Israel has seen excess mortality in July and August which coincided with an uptick in COVID-19 fatalities, according to a Central Bureau of Statistics (CBS) report seen by Ynet.
Data shows that 3,840 people have passed away during the month of August, compared to 3,495 in August 2019, an almost 10% increase in mortality. According to the Health Ministry, 377 coronavirus patients have died during that time period – almost 10% of all deaths recorded nationwide.
This July, 3,678 people have passed away in Israel, compared to 3,433 people in this same month last year, an increase of over 7%.
The Health Ministry recorded 232 coronavirus deaths in July, about 6.7% of all deaths that month.
So far in September, more than 350 Israelis have succumbed to COVID-19, meaning the country may face another month of excess mortality.
Since the onset of the pandemic in Israel, 1,316 coronavirus patients have lost their battle with the pathogen.
According to the real-time statistics website Worldometers, Israel has 140 coronavirus deaths per one million inhabitants, placing it 51st in the world. The global average stands at 125.2 deaths per one million inhabitants.
For comparison, Belgium recorded 858 COVID-19 deaths per one million inhabitants, 661 in Spain, 649 in Brazil, 620 in the United States, 580 in Sweden, 481 in France, 293 in Iran, 237 in Switzerland and 189 in Portugal.
Countries that fared with the pandemic better than the Jewish state include Germany with 113 deaths per one million inhabitants, Denmark with 111, Ukraine with 85, Hungary with 73, Poland with 61, Greece with 34, Iceland with 29 and Japan with 12 fatalities per one million inhabitants.
Guy Zomer of The Octopus association, which aims to make government information accessible to the public praised the CBS for making the data available.

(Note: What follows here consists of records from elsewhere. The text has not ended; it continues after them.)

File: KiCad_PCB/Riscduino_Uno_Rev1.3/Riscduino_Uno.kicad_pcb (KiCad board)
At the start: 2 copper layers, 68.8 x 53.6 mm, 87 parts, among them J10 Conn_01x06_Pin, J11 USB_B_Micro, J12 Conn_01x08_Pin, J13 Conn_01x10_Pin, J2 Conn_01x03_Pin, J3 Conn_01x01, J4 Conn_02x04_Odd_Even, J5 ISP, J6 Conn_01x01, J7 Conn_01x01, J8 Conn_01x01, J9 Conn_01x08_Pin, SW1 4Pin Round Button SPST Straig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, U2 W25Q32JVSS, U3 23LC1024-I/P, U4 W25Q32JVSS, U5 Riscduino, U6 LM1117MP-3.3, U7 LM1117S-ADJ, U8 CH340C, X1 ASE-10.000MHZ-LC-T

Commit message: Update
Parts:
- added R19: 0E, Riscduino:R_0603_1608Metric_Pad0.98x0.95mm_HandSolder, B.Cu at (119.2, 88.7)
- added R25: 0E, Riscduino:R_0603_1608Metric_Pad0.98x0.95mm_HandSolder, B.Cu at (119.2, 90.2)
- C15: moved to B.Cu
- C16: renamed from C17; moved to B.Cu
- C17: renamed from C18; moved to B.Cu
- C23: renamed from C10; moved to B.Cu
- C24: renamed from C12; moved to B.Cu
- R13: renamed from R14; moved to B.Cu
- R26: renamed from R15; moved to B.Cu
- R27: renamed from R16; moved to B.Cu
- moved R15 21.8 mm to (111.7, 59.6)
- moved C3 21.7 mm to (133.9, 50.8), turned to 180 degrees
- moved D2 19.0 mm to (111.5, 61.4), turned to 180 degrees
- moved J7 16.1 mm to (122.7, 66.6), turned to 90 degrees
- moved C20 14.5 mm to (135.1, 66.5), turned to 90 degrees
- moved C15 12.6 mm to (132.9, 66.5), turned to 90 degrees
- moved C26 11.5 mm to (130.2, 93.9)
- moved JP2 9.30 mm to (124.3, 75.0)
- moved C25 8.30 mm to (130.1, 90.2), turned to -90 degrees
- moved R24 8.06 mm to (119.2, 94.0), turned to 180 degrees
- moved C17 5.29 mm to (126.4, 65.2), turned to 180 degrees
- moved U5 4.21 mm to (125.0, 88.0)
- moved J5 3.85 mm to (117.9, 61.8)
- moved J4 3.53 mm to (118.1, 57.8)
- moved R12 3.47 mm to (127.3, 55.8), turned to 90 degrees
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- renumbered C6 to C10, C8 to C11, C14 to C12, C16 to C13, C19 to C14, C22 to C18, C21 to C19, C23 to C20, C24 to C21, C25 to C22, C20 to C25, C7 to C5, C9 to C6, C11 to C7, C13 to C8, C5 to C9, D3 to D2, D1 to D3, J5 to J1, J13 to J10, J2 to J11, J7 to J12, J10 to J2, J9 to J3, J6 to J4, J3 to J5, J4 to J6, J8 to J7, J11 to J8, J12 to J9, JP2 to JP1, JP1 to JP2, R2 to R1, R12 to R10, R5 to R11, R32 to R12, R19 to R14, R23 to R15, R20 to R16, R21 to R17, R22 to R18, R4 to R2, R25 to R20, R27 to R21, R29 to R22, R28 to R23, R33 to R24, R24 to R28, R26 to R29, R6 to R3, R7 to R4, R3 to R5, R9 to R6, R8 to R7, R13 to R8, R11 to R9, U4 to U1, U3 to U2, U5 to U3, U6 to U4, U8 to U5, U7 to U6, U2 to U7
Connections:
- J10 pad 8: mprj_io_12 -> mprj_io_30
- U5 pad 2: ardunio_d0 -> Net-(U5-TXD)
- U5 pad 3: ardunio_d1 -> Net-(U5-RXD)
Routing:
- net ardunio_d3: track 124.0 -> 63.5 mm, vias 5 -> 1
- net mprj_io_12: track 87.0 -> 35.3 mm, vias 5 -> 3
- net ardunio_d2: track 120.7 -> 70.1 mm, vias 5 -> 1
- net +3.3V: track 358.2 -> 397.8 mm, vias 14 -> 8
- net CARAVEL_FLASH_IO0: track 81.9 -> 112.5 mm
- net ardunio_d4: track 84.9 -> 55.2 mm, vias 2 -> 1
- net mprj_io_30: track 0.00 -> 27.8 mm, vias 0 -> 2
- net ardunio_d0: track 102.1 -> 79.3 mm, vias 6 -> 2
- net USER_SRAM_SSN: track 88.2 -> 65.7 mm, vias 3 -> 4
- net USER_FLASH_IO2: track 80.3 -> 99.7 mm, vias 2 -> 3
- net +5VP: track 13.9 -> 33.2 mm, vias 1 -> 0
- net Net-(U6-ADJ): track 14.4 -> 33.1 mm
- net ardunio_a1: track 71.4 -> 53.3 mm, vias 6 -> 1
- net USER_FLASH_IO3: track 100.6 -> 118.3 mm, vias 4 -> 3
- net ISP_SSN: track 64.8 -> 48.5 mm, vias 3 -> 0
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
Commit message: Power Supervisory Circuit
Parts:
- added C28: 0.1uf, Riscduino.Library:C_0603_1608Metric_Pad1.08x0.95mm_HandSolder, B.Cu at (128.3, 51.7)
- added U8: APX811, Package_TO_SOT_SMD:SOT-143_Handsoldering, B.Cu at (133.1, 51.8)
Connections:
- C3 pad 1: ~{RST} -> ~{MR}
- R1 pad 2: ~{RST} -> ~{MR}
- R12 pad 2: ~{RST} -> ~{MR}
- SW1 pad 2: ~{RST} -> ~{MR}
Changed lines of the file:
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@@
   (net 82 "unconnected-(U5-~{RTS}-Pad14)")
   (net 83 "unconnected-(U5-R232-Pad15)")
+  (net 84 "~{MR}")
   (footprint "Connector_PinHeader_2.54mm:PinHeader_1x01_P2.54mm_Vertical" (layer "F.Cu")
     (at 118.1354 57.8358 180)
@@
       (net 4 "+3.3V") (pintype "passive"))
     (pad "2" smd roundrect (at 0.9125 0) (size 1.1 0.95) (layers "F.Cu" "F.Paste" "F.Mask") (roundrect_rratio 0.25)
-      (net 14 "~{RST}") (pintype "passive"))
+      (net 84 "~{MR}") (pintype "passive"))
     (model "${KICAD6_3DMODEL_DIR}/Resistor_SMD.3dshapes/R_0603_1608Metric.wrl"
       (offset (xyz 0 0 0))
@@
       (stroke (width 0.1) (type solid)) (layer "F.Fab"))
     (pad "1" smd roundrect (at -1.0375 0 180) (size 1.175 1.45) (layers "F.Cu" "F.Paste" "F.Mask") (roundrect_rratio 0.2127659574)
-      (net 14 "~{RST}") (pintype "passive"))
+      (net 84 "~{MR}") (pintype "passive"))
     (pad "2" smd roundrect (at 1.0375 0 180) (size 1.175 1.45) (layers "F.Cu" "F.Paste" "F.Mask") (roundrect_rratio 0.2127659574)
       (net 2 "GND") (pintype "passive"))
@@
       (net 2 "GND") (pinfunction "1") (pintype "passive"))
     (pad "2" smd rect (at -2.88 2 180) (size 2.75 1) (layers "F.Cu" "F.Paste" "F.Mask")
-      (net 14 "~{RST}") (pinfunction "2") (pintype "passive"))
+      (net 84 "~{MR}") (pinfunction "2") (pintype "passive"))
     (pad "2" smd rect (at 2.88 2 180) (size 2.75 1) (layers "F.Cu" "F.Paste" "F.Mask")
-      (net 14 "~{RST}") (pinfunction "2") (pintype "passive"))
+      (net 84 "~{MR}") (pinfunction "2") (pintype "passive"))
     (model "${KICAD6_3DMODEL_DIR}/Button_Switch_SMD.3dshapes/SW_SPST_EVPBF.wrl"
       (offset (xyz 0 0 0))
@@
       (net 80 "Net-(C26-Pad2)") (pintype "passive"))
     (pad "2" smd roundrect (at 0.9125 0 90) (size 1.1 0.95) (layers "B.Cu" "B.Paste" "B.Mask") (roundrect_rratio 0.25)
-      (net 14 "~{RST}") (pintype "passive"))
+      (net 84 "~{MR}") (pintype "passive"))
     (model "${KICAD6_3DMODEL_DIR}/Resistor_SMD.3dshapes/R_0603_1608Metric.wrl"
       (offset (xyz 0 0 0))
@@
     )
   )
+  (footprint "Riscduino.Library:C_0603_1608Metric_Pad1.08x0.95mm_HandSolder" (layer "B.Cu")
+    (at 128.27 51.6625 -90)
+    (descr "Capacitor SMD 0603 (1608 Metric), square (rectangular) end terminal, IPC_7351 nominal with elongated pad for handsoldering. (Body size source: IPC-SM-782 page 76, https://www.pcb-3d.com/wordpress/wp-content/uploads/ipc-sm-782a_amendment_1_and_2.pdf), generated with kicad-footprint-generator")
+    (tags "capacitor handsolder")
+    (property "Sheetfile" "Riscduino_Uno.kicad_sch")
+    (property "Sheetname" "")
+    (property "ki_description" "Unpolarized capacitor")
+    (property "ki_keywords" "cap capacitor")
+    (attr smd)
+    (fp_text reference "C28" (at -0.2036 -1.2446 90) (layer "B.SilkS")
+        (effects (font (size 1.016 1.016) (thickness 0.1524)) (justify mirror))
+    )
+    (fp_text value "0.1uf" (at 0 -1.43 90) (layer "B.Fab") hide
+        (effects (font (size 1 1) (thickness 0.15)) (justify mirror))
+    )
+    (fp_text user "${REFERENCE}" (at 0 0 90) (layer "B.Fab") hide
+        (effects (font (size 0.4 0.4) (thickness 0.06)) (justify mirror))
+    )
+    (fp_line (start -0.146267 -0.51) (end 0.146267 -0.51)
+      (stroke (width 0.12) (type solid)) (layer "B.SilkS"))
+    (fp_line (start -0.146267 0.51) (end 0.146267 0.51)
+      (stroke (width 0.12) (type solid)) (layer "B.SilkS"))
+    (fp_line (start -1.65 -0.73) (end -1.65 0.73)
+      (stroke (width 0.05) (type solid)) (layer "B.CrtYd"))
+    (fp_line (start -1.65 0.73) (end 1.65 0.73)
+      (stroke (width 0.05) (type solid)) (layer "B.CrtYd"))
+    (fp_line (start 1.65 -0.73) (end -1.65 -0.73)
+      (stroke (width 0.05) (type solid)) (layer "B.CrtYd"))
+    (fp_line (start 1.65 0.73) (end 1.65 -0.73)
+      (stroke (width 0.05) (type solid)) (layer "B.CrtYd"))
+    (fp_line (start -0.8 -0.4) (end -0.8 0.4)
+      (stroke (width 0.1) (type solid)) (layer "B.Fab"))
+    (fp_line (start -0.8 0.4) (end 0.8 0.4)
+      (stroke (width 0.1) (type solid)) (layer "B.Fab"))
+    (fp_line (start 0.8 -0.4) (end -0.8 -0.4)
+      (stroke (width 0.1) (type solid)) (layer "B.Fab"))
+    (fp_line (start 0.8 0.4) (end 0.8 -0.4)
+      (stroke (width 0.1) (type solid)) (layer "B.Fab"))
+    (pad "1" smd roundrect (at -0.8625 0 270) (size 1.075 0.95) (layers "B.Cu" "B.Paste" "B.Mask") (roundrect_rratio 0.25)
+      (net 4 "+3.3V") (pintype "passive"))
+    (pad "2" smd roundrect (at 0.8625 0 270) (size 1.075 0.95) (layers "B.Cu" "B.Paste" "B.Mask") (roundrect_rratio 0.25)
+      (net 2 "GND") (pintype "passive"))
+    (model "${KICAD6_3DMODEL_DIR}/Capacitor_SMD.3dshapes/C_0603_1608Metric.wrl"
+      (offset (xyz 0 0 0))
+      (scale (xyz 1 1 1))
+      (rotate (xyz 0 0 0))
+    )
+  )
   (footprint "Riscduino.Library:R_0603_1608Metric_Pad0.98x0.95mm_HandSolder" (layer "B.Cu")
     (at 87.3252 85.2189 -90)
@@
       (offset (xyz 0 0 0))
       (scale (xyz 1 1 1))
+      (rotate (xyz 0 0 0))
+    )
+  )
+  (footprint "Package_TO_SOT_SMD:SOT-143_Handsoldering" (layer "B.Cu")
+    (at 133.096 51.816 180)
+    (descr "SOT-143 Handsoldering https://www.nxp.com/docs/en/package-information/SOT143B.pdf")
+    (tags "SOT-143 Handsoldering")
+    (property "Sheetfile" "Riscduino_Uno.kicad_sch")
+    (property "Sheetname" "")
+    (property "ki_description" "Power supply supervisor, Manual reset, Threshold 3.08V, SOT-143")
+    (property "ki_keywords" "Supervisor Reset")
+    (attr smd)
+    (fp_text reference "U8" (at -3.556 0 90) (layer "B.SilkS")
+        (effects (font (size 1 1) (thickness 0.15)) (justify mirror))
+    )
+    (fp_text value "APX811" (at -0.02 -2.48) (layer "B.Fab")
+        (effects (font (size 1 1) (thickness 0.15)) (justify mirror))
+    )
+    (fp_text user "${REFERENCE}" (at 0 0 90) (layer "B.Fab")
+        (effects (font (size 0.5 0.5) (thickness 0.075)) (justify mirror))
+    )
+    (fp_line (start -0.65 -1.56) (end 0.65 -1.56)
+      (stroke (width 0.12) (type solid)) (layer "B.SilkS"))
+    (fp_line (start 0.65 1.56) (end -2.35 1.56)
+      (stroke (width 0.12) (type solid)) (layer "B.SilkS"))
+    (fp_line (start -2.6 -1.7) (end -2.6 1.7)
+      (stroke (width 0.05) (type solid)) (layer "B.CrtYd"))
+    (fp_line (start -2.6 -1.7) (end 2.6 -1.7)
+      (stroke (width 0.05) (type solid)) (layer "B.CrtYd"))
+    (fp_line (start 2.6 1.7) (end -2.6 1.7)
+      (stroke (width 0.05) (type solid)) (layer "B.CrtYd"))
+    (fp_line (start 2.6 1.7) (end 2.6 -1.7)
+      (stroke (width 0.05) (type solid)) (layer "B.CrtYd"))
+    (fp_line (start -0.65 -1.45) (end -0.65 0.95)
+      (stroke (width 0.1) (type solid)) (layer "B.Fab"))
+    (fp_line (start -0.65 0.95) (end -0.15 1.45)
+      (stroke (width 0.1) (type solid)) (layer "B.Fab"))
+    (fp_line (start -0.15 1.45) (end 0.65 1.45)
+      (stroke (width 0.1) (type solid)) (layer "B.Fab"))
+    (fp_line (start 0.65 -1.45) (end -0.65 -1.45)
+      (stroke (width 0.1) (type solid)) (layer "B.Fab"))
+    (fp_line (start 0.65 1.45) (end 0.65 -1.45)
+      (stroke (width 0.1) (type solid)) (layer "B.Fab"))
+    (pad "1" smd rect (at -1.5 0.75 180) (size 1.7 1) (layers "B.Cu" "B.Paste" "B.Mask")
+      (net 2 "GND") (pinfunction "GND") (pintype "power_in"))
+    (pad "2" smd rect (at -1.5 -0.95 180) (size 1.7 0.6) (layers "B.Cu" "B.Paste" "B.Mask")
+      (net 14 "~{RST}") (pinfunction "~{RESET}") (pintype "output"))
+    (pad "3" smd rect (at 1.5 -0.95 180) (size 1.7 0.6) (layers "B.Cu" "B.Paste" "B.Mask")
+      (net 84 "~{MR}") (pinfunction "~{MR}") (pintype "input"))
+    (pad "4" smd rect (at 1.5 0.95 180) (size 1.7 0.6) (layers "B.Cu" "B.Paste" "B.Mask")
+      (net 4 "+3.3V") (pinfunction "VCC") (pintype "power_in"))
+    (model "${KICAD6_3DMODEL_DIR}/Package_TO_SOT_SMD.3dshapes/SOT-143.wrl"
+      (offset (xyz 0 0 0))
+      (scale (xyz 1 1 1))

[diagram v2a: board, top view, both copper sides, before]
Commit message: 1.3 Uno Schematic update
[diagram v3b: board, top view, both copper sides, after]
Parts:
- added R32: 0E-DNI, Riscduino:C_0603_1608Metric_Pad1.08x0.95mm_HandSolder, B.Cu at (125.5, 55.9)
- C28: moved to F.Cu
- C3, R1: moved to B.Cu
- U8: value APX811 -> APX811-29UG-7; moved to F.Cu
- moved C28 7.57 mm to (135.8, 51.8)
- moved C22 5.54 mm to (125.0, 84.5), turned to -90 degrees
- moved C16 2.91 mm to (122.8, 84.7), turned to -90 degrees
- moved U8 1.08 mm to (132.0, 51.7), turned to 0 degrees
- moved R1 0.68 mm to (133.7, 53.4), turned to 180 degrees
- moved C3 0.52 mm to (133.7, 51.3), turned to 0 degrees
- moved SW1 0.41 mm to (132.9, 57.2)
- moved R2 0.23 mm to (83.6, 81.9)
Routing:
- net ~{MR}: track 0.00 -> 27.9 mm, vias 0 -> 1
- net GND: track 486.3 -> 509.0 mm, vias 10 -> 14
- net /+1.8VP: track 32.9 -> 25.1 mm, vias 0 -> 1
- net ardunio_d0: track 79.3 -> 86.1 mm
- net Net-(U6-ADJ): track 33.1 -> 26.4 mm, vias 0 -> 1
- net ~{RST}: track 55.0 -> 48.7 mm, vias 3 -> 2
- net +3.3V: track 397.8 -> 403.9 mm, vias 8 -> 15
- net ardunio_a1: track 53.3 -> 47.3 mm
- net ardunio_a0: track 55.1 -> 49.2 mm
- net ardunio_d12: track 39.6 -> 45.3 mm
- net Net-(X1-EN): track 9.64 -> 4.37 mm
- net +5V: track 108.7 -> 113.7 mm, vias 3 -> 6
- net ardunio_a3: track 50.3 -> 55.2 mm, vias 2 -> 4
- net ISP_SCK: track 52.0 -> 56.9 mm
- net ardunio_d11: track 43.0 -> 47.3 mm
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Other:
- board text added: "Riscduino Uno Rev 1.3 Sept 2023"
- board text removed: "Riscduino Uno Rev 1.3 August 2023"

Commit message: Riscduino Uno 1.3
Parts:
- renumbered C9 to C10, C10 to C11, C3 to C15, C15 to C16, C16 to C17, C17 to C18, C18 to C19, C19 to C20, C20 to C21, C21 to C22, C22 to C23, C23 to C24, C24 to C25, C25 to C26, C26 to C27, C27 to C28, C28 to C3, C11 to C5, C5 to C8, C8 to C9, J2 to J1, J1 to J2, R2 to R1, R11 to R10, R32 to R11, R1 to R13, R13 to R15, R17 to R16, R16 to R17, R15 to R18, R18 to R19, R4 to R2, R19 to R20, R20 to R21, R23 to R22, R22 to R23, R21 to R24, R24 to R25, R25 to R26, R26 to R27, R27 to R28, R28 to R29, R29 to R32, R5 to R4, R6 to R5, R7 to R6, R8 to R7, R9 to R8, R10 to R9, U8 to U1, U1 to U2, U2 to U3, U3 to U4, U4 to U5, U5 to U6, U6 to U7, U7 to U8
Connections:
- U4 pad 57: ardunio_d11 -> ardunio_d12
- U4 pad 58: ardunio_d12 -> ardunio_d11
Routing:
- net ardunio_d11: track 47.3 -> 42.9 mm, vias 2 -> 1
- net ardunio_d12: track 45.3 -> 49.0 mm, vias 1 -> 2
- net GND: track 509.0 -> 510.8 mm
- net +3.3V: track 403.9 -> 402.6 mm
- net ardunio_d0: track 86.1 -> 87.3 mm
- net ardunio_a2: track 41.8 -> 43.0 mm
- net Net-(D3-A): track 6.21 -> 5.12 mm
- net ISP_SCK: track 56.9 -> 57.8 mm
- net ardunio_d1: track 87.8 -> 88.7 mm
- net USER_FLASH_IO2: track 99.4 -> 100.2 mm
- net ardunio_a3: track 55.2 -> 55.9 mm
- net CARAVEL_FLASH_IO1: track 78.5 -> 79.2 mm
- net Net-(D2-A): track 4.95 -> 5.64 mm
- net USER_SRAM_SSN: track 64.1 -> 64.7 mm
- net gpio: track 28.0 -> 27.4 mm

"In stark difference from various publications from the start of the coronavirus crisis that tried to argue no excess mortality was observed due to the relatively low mortality at the beginning of the year (even before coronavirus), now it is becoming more and more clear that these are not single cases, but a phenomenon that should be monitored and tackled accordingly," said Zomer.
"We must thank and show appreciation to the CBS team who understood the importance of publishing this information, and very quickly joined forces to change the manner and frequency the data is published and provide a quick, up-to-date and detailed picture of mortality in Israel."
Especially on days when it repeatedly turns out that the Health Ministry publishes incorrect information, it is very important to publish more detailed and up-to-date data and to continuously monitor the development of the crisis and the activities of the organizations and parties involved."